-------- Provided records

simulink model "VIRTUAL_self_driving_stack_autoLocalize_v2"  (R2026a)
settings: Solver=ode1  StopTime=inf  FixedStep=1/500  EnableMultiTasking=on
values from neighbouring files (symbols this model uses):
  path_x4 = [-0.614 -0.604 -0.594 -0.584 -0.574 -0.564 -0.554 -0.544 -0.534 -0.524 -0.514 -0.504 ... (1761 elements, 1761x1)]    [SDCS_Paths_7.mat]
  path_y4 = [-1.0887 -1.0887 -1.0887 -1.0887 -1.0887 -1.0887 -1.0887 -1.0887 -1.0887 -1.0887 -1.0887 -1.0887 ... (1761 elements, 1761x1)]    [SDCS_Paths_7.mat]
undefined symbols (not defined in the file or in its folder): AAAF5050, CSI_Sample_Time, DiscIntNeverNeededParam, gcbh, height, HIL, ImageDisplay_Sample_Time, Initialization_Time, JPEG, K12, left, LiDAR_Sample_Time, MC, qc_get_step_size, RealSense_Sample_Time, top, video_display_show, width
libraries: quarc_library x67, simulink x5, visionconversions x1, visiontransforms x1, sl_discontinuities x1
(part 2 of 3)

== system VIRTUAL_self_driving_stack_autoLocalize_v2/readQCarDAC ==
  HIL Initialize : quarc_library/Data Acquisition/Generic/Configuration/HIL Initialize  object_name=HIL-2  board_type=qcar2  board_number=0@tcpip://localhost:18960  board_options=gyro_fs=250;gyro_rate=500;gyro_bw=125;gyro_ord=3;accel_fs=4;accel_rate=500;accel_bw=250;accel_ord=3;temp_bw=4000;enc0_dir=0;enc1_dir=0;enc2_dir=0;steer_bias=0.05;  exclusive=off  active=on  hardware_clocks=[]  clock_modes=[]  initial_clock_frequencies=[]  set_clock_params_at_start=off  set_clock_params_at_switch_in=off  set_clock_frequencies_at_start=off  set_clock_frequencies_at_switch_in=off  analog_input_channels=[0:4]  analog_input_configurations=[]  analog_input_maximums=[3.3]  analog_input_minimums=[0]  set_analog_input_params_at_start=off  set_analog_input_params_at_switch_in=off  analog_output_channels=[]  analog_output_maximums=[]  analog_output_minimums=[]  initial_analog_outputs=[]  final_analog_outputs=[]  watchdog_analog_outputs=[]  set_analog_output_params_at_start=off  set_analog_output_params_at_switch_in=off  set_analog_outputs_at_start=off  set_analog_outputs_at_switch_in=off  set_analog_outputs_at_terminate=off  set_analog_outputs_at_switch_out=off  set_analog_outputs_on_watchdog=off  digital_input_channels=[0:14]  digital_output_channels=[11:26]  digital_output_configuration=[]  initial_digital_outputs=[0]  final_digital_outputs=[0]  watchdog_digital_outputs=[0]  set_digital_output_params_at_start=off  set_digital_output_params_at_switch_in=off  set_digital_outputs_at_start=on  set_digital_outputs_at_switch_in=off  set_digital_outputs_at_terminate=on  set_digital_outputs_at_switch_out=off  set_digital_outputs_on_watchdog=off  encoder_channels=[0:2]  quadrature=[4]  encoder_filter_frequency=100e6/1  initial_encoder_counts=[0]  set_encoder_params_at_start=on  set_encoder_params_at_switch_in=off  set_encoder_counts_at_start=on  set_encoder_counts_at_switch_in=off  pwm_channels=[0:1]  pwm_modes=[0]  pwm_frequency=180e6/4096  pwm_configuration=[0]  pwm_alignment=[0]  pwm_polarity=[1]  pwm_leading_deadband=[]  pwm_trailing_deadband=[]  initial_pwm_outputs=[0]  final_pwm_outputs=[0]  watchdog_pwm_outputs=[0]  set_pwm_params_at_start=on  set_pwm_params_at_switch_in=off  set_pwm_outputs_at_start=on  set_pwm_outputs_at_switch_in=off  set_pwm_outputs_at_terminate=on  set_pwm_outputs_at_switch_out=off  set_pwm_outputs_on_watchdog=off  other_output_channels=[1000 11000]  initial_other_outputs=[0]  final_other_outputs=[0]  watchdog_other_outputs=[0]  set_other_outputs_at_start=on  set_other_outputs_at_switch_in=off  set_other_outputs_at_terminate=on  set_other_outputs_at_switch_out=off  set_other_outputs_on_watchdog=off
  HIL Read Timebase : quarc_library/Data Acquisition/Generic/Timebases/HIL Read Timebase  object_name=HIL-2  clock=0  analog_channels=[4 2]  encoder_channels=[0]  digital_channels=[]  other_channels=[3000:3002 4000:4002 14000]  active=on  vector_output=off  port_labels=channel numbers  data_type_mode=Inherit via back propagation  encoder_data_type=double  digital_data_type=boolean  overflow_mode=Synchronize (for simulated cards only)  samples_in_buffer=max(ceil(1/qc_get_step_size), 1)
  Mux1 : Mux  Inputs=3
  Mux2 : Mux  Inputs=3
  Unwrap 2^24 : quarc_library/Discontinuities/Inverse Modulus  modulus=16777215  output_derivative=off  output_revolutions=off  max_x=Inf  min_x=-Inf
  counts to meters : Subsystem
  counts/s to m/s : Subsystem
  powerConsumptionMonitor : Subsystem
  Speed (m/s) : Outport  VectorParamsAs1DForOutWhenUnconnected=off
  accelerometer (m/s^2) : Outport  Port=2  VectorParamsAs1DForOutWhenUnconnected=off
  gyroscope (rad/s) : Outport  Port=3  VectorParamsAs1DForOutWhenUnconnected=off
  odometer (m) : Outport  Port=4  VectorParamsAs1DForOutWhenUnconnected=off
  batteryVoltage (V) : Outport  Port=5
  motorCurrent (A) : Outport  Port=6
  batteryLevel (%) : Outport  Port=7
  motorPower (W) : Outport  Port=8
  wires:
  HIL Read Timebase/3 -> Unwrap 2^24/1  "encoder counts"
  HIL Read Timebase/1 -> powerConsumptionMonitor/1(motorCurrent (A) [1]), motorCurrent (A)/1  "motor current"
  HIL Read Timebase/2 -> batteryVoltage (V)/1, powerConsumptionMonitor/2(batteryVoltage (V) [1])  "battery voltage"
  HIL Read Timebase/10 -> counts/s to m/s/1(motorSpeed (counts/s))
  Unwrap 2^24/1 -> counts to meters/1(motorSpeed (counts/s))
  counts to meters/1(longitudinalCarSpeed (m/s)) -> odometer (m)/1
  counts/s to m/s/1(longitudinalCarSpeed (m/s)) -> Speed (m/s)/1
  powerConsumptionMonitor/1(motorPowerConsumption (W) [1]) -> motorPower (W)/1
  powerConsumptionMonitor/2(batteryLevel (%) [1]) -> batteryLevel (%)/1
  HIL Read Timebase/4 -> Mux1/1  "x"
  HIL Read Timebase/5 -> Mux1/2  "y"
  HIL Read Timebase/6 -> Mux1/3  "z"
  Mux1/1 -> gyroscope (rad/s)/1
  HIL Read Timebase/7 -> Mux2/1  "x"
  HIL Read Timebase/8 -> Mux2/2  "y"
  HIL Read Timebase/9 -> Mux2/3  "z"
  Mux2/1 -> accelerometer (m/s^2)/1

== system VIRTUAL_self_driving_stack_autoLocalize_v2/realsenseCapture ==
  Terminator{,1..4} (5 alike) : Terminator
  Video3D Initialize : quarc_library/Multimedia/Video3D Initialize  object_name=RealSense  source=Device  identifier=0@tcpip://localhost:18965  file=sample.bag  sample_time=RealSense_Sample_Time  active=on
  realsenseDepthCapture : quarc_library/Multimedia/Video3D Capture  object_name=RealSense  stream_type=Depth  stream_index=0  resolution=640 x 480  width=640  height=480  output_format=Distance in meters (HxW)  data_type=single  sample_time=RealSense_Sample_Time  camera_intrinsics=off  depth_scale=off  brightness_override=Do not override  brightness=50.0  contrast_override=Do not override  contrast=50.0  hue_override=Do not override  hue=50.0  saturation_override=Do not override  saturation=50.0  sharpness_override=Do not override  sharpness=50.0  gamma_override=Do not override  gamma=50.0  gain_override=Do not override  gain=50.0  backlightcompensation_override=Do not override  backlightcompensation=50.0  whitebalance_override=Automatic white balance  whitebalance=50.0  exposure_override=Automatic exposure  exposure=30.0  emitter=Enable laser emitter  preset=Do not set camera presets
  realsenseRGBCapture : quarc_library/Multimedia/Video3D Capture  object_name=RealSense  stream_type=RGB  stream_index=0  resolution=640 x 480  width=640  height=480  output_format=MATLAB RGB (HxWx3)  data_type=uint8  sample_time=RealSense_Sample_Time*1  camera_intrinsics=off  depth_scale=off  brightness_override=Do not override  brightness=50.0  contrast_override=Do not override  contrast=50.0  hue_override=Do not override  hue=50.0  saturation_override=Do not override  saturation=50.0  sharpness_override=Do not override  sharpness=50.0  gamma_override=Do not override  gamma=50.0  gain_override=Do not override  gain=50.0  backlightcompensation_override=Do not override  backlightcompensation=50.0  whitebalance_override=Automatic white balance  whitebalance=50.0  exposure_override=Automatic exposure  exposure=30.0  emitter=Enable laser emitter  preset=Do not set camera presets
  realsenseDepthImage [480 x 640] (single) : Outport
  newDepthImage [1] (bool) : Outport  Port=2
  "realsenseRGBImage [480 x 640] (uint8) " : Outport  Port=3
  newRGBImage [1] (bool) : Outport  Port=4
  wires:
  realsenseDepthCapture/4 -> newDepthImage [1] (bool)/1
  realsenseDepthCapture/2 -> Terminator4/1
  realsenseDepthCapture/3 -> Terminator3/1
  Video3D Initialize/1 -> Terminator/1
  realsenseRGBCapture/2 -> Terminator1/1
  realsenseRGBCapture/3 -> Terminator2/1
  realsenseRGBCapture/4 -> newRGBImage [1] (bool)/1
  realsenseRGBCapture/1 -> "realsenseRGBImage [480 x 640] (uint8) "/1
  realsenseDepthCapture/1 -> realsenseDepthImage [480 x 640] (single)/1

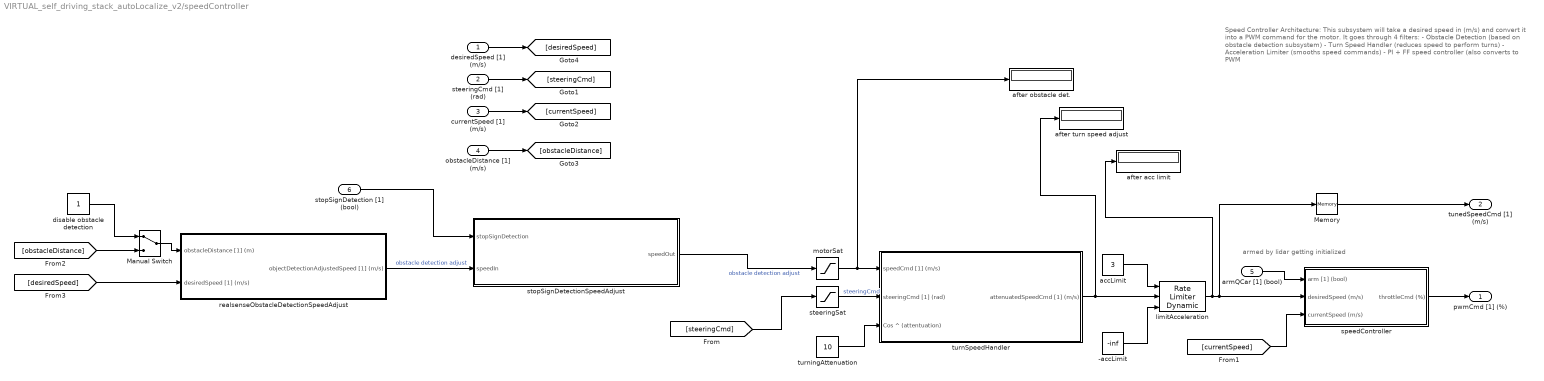
== system VIRTUAL_self_driving_stack_autoLocalize_v2/speedController ==
  note: Speed Controller Architecture:
      |
      | This subsystem will take a desired speed in (m/s) and convert it into a PWM command for the motor.
      |
      | It goes through 4 filters:
      | - Obstacle Detection (based on obstacle detection subsystem)
      | - Turn Speed Handler (reduces speed to perform turns)
      | - Acceleration Limiter (smooths speed commands)
      | - PI + FF speed controller (also converts to PWM
  note: armed by lidar getting initialized
  desiredSpeed [1] (m/s) : Inport
  steeringCmd [1] (rad) : Inport  Port=2
  currentSpeed [1] (m/s) : Inport  Port=3
  obstacleDistance [1] (m/s) : Inport  Port=4
  armQCar [1] (bool) : Inport  Port=5
  stopSignDetection [1] (bool) : Inport  Port=6
  -accLimit : Constant  Value=-inf
  Manual Switch : ManualSwitch
  Memory : Memory
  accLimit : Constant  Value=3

----------------

Task goal: Scan the listing above for the word "model" and show each line where it is found.

Result of the exercise:
simulink model "VIRTUAL_self_driving_stack_autoLocalize_v2"  (R2026a)
values from neighbouring files (symbols this model uses):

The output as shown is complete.